Interrogate your data…

Now that you’ve identified, collected and have access to your data, it’s time to start putting it to work. To begin this process, you should identify what sort of insights you want to get out of your data, and the best way in which this can be represented. Whether this is through fancy dashboards such as Power BI or Tableau, online reports such as R Shiny or KnitR, or through email reports such as SSRS, choose that which is most likely to be beneficial to your business goals.

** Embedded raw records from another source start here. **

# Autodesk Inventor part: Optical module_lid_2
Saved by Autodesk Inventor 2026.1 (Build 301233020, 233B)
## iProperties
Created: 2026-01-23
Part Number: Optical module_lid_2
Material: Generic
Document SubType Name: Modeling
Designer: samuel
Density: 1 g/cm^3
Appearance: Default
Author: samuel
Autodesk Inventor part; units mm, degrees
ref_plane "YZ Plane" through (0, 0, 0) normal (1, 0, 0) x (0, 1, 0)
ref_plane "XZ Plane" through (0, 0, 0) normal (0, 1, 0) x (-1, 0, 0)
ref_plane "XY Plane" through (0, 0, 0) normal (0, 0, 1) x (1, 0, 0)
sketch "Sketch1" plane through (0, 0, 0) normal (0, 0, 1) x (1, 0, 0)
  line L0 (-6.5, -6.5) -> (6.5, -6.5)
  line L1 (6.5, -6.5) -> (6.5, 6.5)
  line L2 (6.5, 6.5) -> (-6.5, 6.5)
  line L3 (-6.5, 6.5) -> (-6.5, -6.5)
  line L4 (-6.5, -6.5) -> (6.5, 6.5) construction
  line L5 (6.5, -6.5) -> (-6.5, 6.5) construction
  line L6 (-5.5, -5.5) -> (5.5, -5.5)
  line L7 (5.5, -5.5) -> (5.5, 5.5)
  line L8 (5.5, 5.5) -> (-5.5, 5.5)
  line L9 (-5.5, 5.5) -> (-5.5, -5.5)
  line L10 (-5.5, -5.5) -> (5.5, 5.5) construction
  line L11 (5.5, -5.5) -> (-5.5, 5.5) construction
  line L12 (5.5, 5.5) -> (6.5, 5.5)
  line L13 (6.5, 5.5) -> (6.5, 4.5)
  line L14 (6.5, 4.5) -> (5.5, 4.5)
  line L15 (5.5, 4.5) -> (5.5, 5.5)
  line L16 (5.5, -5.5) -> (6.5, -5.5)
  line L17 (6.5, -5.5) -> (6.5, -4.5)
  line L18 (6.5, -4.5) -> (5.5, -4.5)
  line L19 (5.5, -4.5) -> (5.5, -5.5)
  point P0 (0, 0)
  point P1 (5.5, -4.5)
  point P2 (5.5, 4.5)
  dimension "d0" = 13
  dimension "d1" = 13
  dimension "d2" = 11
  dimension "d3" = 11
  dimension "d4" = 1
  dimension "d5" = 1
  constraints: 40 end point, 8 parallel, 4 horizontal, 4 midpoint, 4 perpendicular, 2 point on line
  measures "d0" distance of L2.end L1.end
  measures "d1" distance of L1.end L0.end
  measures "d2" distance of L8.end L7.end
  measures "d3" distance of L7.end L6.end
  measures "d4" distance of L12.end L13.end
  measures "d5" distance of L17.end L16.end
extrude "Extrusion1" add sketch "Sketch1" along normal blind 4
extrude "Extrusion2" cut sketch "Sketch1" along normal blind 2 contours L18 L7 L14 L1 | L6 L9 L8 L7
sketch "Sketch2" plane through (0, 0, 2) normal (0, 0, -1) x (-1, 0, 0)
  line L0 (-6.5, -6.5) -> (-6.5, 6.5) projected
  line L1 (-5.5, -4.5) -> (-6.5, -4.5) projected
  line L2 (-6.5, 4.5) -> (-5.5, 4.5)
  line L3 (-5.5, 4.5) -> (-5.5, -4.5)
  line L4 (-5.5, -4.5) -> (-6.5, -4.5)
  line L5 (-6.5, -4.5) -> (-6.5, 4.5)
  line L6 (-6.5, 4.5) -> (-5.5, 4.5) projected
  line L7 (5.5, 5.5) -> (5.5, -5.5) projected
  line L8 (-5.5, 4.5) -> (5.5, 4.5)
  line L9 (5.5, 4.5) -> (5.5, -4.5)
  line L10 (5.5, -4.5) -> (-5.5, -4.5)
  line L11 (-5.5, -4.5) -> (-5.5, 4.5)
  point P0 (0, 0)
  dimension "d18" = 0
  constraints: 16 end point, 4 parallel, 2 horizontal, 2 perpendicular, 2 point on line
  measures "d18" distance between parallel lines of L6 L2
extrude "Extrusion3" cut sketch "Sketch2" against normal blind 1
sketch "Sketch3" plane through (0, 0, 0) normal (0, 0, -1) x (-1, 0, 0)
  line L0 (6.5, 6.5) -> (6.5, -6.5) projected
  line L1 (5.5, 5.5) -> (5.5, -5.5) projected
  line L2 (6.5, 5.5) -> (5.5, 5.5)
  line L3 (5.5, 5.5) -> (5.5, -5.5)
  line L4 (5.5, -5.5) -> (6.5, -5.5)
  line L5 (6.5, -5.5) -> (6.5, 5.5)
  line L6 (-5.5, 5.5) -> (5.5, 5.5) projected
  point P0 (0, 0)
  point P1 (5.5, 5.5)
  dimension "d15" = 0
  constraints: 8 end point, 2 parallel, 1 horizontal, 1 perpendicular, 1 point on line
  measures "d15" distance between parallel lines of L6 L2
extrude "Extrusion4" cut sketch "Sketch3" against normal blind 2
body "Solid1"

Once you’ve decided which form of reports you’re after it’s time to implement them. There may be a couple of ways to go about this depending on your business situation. If you’ve got the skills and resources in house then this shouldn’t be too much of a problem. Integrate your chosen solution with your data, play around with what visuals you’d like to see in your reports and you’re there! If you don’t have the in house skills however, you can either hire someone for this role or more conveniently, outsource this to software developers who specialise in this type of work.

Look into the future…

Now that you can see what your data is telling you from reports and dashboard that you’ve setup, you can look at using artificial intelligence with your data, specifically machine learning and predictive analytics. Using your historical data, using machine learning algorithms you can find out the ‘why’ behind your business and certain business questions. For example, a client recently identified a certain segment of customers, which they had previously ruled out, had the greatest number of registrations from a marketing campaign, and they found out why. Discovering data like this can be invaluable to organisations like yours.

Then, using machine learning, you can adapt your current campaigns to try and predict and prescribe what you’re after in the future. If you can identify certain verticals within your data that have a strong effect on customer buying emotions, you can alter these within your campaigns and predict which are likely to be more successful, leading to a greater return on your business. Here, using predictive, analytics, you can answer the ‘what if’ questions.

Take aways…

The most important thing to take away from today is that using your data is progressive; you cannot utilise machine learning and predictive analytics if you don’t first have business intelligence, which you can’t take advantage of if you don’t have all your data integrated in accessible, online systems. Start by looking at your data, comparing it with what you want to achieve and work it from there.

Secondly, you don’t have to do all of this alone. Many companies we talk to try to implement these strategies alone and often come across hurdles. Whether it’s finding that off the shelf software doesn’t work for you, you can’t quite get your reports to pull from the correct data sources or your machine learning algorithms need additional tuning, outsourcing work to data specialists is always a viable option.